TASK PROMPT
Report every line of the data that includes "file".

DATASET RECORDS

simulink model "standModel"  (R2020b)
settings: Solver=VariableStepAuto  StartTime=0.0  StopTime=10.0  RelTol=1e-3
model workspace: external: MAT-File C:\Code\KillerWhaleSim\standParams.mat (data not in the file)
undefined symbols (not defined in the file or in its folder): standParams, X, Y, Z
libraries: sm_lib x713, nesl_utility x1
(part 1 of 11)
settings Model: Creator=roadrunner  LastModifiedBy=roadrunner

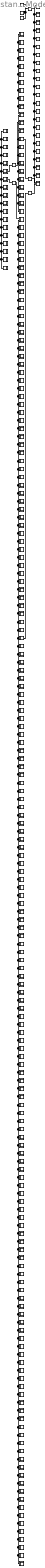
== system standModel ==
  Bracket_16_RIGID : Subsystem
  Bracket_17_RIGID : Subsystem
  Bracket_18_RIGID : Subsystem
  Bracket_19_RIGID : Subsystem
  Bracket_20_RIGID : Subsystem
  Bracket_21_RIGID : Subsystem
  Frame_Part_5_RIGID : Subsystem
  Frame_Part_6_RIGID : Subsystem
  Hinge_10_RIGID : Subsystem
  Hinge_11_RIGID : Subsystem
  Lock_tabs_13_RIGID : Subsystem
  Lock_tabs_15_RIGID : Subsystem
  Lock_tabs_16_RIGID : Subsystem
  Lock_tabs_18_RIGID : Subsystem
  MechanismConfiguration : sm_lib/Utilities/Mechanism Configuration  UniformGravity=Constant  GravityVector=[0 -9.80665 0]  GravityVectorUnits=m/s^2  GravityUnits=m/s^2  LinearizationDelta=0.001  JointModeTransitionNonlinearIterations=2
  Part_132_2_RIGID : Subsystem
  Part_133_2_RIGID : Subsystem
  Part_144_1_RIGID : Subsystem
  Part_145_1_RIGID : Subsystem
  Part_146_1_RIGID : Subsystem
  Part_147_1_RIGID : Subsystem
  Part_148_1_RIGID : Subsystem
  Part_149_1_RIGID : Subsystem
  Part_150_1_RIGID : Subsystem
  Part_151_1_RIGID : Subsystem
  Part_152_1_RIGID : Subsystem
  Part_153_1_RIGID : Subsystem
  Part_154_1_RIGID : Subsystem
  Part_155_1_RIGID : Subsystem
  Part_156_2_RIGID : Subsystem
  Part_157_2_RIGID : Subsystem
  Part_168_1_RIGID : Subsystem
  Part_169_1_RIGID : Subsystem
  Part_170_1_RIGID : Subsystem
  Part_171_1_RIGID : Subsystem
  Part_172_1_RIGID : Subsystem
  Part_173_1_RIGID : Subsystem
  Part_174_1_RIGID : Subsystem
  Part_175_1_RIGID : Subsystem
  Part_176_1_RIGID : Subsystem
  Part_177_1_RIGID : Subsystem
  Part_178_1_RIGID : Subsystem
  Part_179_1_RIGID : Subsystem
  Part_186_1_RIGID : Subsystem
  Part_187_1_RIGID : Subsystem
  Part_188_1_RIGID : Subsystem
  Part_190_1_RIGID : Subsystem
  Part_191_1_RIGID : Subsystem
  Part_192_1_RIGID : Subsystem
  Part_193_1_RIGID : Subsystem
  Part_194_1_RIGID : Subsystem
  Part_195_1_RIGID : Subsystem
  Part_196_1_RIGID : Subsystem
  Part_197_1_RIGID : Subsystem
  Part_198_2_RIGID : Subsystem
  Part_199_2_RIGID : Subsystem
  Part_200_2_RIGID : Subsystem
  Part_204_2_RIGID : Subsystem
  Part_205_2_RIGID : Subsystem
  Part_206_2_RIGID : Subsystem
  Part_213_1_RIGID : Subsystem
  Part_289_1_RIGID : Subsystem
  Part_318_1_RIGID : Subsystem
  Part_319_1_RIGID : Subsystem
  Part_322_1_RIGID : Subsystem
  Part_325_1_RIGID : Subsystem
  Part_328_1_RIGID : Subsystem
  Part_331_1_RIGID : Subsystem
  Part_334_1_RIGID : Subsystem
  Part_337_1_RIGID : Subsystem
  Part_340_1_RIGID : Subsystem
  Part_343_1_RIGID : Subsystem
  Part_346_1_RIGID : Subsystem
  Part_349_1_RIGID : Subsystem
  Part_350_2_RIGID : Subsystem
  Part_351_2_RIGID : Subsystem
  Part_352_2_RIGID : Subsystem
  Part_353_2_RIGID : Subsystem
  Part_355_2_RIGID : Subsystem
  Part_356_2_RIGID : Subsystem
  Part_357_2_RIGID : Subsystem
  Part_358_2_RIGID : Subsystem
  Part_359_2_RIGID : Subsystem
  Part_360_1_RIGID : Subsystem
  Part_361_1_RIGID : Subsystem
  Part_362_1_RIGID : Subsystem
  Part_363_1_RIGID : Subsystem
  Part_364_1_RIGID : Subsystem
  Part_365_1_RIGID : Subsystem
  Part_366_1_RIGID : Subsystem
  Part_367_1_RIGID : Subsystem
  Part_368_1_RIGID : Subsystem
  Part_369_1_RIGID : Subsystem
  Part_370_1_RIGID : Subsystem
  Part_371_1_RIGID : Subsystem
  Part_372_1_RIGID : Subsystem
  Part_373_1_RIGID : Subsystem
  Part_374_1_RIGID : Subsystem
  Part_375_1_RIGID : Subsystem
  Part_380_1_RIGID : Subsystem
  Part_386_1_RIGID : Subsystem
  Part_387_1_RIGID : Subsystem
  Part_393_1_RIGID : Subsystem
  Part_399_1_RIGID : Subsystem
  Part_400_1_RIGID : Subsystem
  Part_406_1_RIGID : Subsystem
  Part_412_1_RIGID : Subsystem
  Part_413_1_RIGID : Subsystem
  Revolute1 : sm_lib/Joints/Revolute Joint  JointMode=Normal  SenseConstraintForce=off  SenseConstraintForceX=off  SenseConstraintForceY=off  SenseConstraintForceZ=off  SenseConstraintTorque=off  SenseConstraintTorqueX=off  SenseConstraintTorqueY=off  SenseConstraintTorqueZ=off  SenseTotalForce=off  SenseTotalForceX=off  SenseTotalForceY=off  SenseTotalForceZ=off  SenseTotalTorque=off  SenseTotalTorqueX=off  SenseTotalTorqueY=off  SenseTotalTorqueZ=off  CompositeWrenchDir=FollowerOnBase  CompositeWrenchFrame=BaseFrame  EquilibriumPosition=0  EquilibriumPositionUnits=deg  SpringStiffness=0  SpringStiffnessUnits=N*m/deg  DampingCoefficient=0  DampingCoefficientUnits=N*m/(deg/s)  TorqueActuationMode=NoTorque  MotionActuationMode=ComputedMotion  SensePosition=off  SenseVelocity=off  SenseAcceleration=off  SenseTorqueForce=off  SenseLowerLimitTorqueForce=off  SenseUpperLimitTorqueForce=off  LowerLimitSpecify=off  LowerLimitBound=-90  LowerLimitBoundUnits=deg  LowerLimitStiffness=1e4  LowerLimitStiffnessUnits=N*m/deg  LowerLimitDamping=10  LowerLimitDampingUnits=N*m/(deg/s)  LowerLimitTransitionRegionWidth=0.1  LowerLimitTransitionRegionWidthUnits=deg  UpperLimitSpecify=off  UpperLimitBound=90  UpperLimitBoundUnits=deg  UpperLimitStiffness=1e4  UpperLimitStiffnessUnits=N*m/deg  UpperLimitDamping=10  UpperLimitDampingUnits=N*m/(deg/s)  UpperLimitTransitionRegionWidth=0.1  UpperLimitTransitionRegionWidthUnits=deg  PositionTargetSpecify=on  PositionTargetPriority=Low  PositionTargetValue=standParams.RevoluteJoint(1).Rz.Pos  PositionTargetValueUnits=deg  VelocityTargetSpecify=off  VelocityTargetPriority=High  VelocityTargetValue=0  VelocityTargetValueUnits=deg/s
  Revolute2 : sm_lib/Joints/Revolute Joint  JointMode=Normal  SenseConstraintForce=off  SenseConstraintForceX=off  SenseConstraintForceY=off  SenseConstraintForceZ=off  SenseConstraintTorque=off  SenseConstraintTorqueX=off  SenseConstraintTorqueY=off  SenseConstraintTorqueZ=off  SenseTotalForce=off  SenseTotalForceX=off  SenseTotalForceY=off  SenseTotalForceZ=off  SenseTotalTorque=off  SenseTotalTorqueX=off  SenseTotalTorqueY=off  SenseTotalTorqueZ=off  CompositeWrenchDir=FollowerOnBase  CompositeWrenchFrame=BaseFrame  EquilibriumPosition=0  EquilibriumPositionUnits=deg  SpringStiffness=0  SpringStiffnessUnits=N*m/deg  DampingCoefficient=0  DampingCoefficientUnits=N*m/(deg/s)  TorqueActuationMode=NoTorque  MotionActuationMode=ComputedMotion  SensePosition=off  SenseVelocity=off  SenseAcceleration=off  SenseTorqueForce=off  SenseLowerLimitTorqueForce=off  SenseUpperLimitTorqueForce=off  LowerLimitSpecify=off  LowerLimitBound=-90  LowerLimitBoundUnits=deg  LowerLimitStiffness=1e4  LowerLimitStiffnessUnits=N*m/deg  LowerLimitDamping=10  LowerLimitDampingUnits=N*m/(deg/s)  LowerLimitTransitionRegionWidth=0.1  LowerLimitTransitionRegionWidthUnits=deg  UpperLimitSpecify=off  UpperLimitBound=90  UpperLimitBoundUnits=deg  UpperLimitStiffness=1e4  UpperLimitStiffnessUnits=N*m/deg  UpperLimitDamping=10  UpperLimitDampingUnits=N*m/(deg/s)  UpperLimitTransitionRegionWidth=0.1  UpperLimitTransitionRegionWidthUnits=deg  PositionTargetSpecify=off  PositionTargetPriority=High  PositionTargetValue=0  PositionTargetValueUnits=deg  VelocityTargetSpecify=off  VelocityTargetPriority=High  VelocityTargetValue=0  VelocityTargetValueUnits=deg/s
  Revolute3 : sm_lib/Joints/Revolute Joint  JointMode=Normal  SenseConstraintForce=off  SenseConstraintForceX=off  SenseConstraintForceY=off  SenseConstraintForceZ=off  SenseConstraintTorque=off  SenseConstraintTorqueX=off  SenseConstraintTorqueY=off  SenseConstraintTorqueZ=off  SenseTotalForce=off  SenseTotalForceX=off  SenseTotalForceY=off  SenseTotalForceZ=off  SenseTotalTorque=off  SenseTotalTorqueX=off  SenseTotalTorqueY=off  SenseTotalTorqueZ=off  CompositeWrenchDir=FollowerOnBase  CompositeWrenchFrame=BaseFrame  EquilibriumPosition=0  EquilibriumPositionUnits=deg  SpringStiffness=0  SpringStiffnessUnits=N*m/deg  DampingCoefficient=0  DampingCoefficientUnits=N*m/(deg/s)  TorqueActuationMode=NoTorque  MotionActuationMode=ComputedMotion  SensePosition=off  SenseVelocity=off  SenseAcceleration=off  SenseTorqueForce=off  SenseLowerLimitTorqueForce=off  SenseUpperLimitTorqueForce=off  LowerLimitSpecify=off  LowerLimitBound=-90  LowerLimitBoundUnits=deg  LowerLimitStiffness=1e4  LowerLimitStiffnessUnits=N*m/deg  LowerLimitDamping=10  LowerLimitDampingUnits=N*m/(deg/s)  LowerLimitTransitionRegionWidth=0.1  LowerLimitTransitionRegionWidthUnits=deg  UpperLimitSpecify=off  UpperLimitBound=90  UpperLimitBoundUnits=deg  UpperLimitStiffness=1e4  UpperLimitStiffnessUnits=N*m/deg  UpperLimitDamping=10  UpperLimitDampingUnits=N*m/(deg/s)  UpperLimitTransitionRegionWidth=0.1  UpperLimitTransitionRegionWidthUnits=deg  PositionTargetSpecify=on  PositionTargetPriority=Low  PositionTargetValue=standParams.RevoluteJoint(2).Rz.Pos  PositionTargetValueUnits=deg  VelocityTargetSpecify=off  VelocityTargetPriority=High  VelocityTargetValue=0  VelocityTargetValueUnits=deg/s
  Revolute4 : sm_lib/Joints/Revolute Joint  JointMode=Normal  SenseConstraintForce=off  SenseConstraintForceX=off  SenseConstraintForceY=off  SenseConstraintForceZ=off  SenseConstraintTorque=off  SenseConstraintTorqueX=off  SenseConstraintTorqueY=off  SenseConstraintTorqueZ=off  SenseTotalForce=off  SenseTotalForceX=off  SenseTotalForceY=off  SenseTotalForceZ=off  SenseTotalTorque=off  SenseTotalTorqueX=off  SenseTotalTorqueY=off  SenseTotalTorqueZ=off  CompositeWrenchDir=FollowerOnBase  CompositeWrenchFrame=BaseFrame  EquilibriumPosition=0  EquilibriumPositionUnits=deg  SpringStiffness=0  SpringStiffnessUnits=N*m/deg  DampingCoefficient=0  DampingCoefficientUnits=N*m/(deg/s)  TorqueActuationMode=NoTorque  MotionActuationMode=ComputedMotion  SensePosition=off  SenseVelocity=off  SenseAcceleration=off  SenseTorqueForce=off  SenseLowerLimitTorqueForce=off  SenseUpperLimitTorqueForce=off  LowerLimitSpecify=off  LowerLimitBound=-90  LowerLimitBoundUnits=deg  LowerLimitStiffness=1e4  LowerLimitStiffnessUnits=N*m/deg  LowerLimitDamping=10  LowerLimitDampingUnits=N*m/(deg/s)  LowerLimitTransitionRegionWidth=0.1  LowerLimitTransitionRegionWidthUnits=deg  UpperLimitSpecify=off  UpperLimitBound=90  UpperLimitBoundUnits=deg  UpperLimitStiffness=1e4  UpperLimitStiffnessUnits=N*m/deg  UpperLimitDamping=10  UpperLimitDampingUnits=N*m/(deg/s)  UpperLimitTransitionRegionWidth=0.1  UpperLimitTransitionRegionWidthUnits=deg  PositionTargetSpecify=on  PositionTargetPriority=Low  PositionTargetValue=standParams.RevoluteJoint(3).Rz.Pos  PositionTargetValueUnits=deg  VelocityTargetSpecify=off  VelocityTargetPriority=High  VelocityTargetValue=0  VelocityTargetValueUnits=deg/s
  Screw_10_3_4_in_10_RIGID : Subsystem
  Screw_10_3_4_in_11_RIGID : Subsystem
  Screw_10_3_4_in_12_RIGID : Subsystem
  Screw_10_3_4_in_13_RIGID : Subsystem
  Screw_10_3_4_in_14_RIGID : Subsystem
  Screw_10_3_4_in_15_RIGID : Subsystem
  Screw_10_3_4_in_16_RIGID : Subsystem
  Screw_10_3_4_in_1_RIGID : Subsystem
  Screw_10_3_4_in_20_RIGID : Subsystem
  Screw_10_3_4_in_21_RIGID : Subsystem
  Screw_10_3_4_in_22_RIGID : Subsystem
  Screw_10_3_4_in_23_RIGID : Subsystem
  Screw_10_3_4_in_24_RIGID : Subsystem
  Screw_10_3_4_in_25_RIGID : Subsystem
  Screw_10_3_4_in_26_RIGID : Subsystem
  Screw_10_3_4_in_27_RIGID : Subsystem
  Screw_10_3_4_in_28_RIGID : Subsystem
  Screw_10_3_4_in_29_RIGID : Subsystem
  Screw_10_3_4_in_30_RIGID : Subsystem
  Screw_10_3_4_in_31_RIGID : Subsystem
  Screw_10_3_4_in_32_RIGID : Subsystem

RESPONSE
model workspace: external: MAT-File C:\Code\KillerWhaleSim\standParams.mat (data not in the file)
undefined symbols (not defined in the file or in its folder): standParams, X, Y, Z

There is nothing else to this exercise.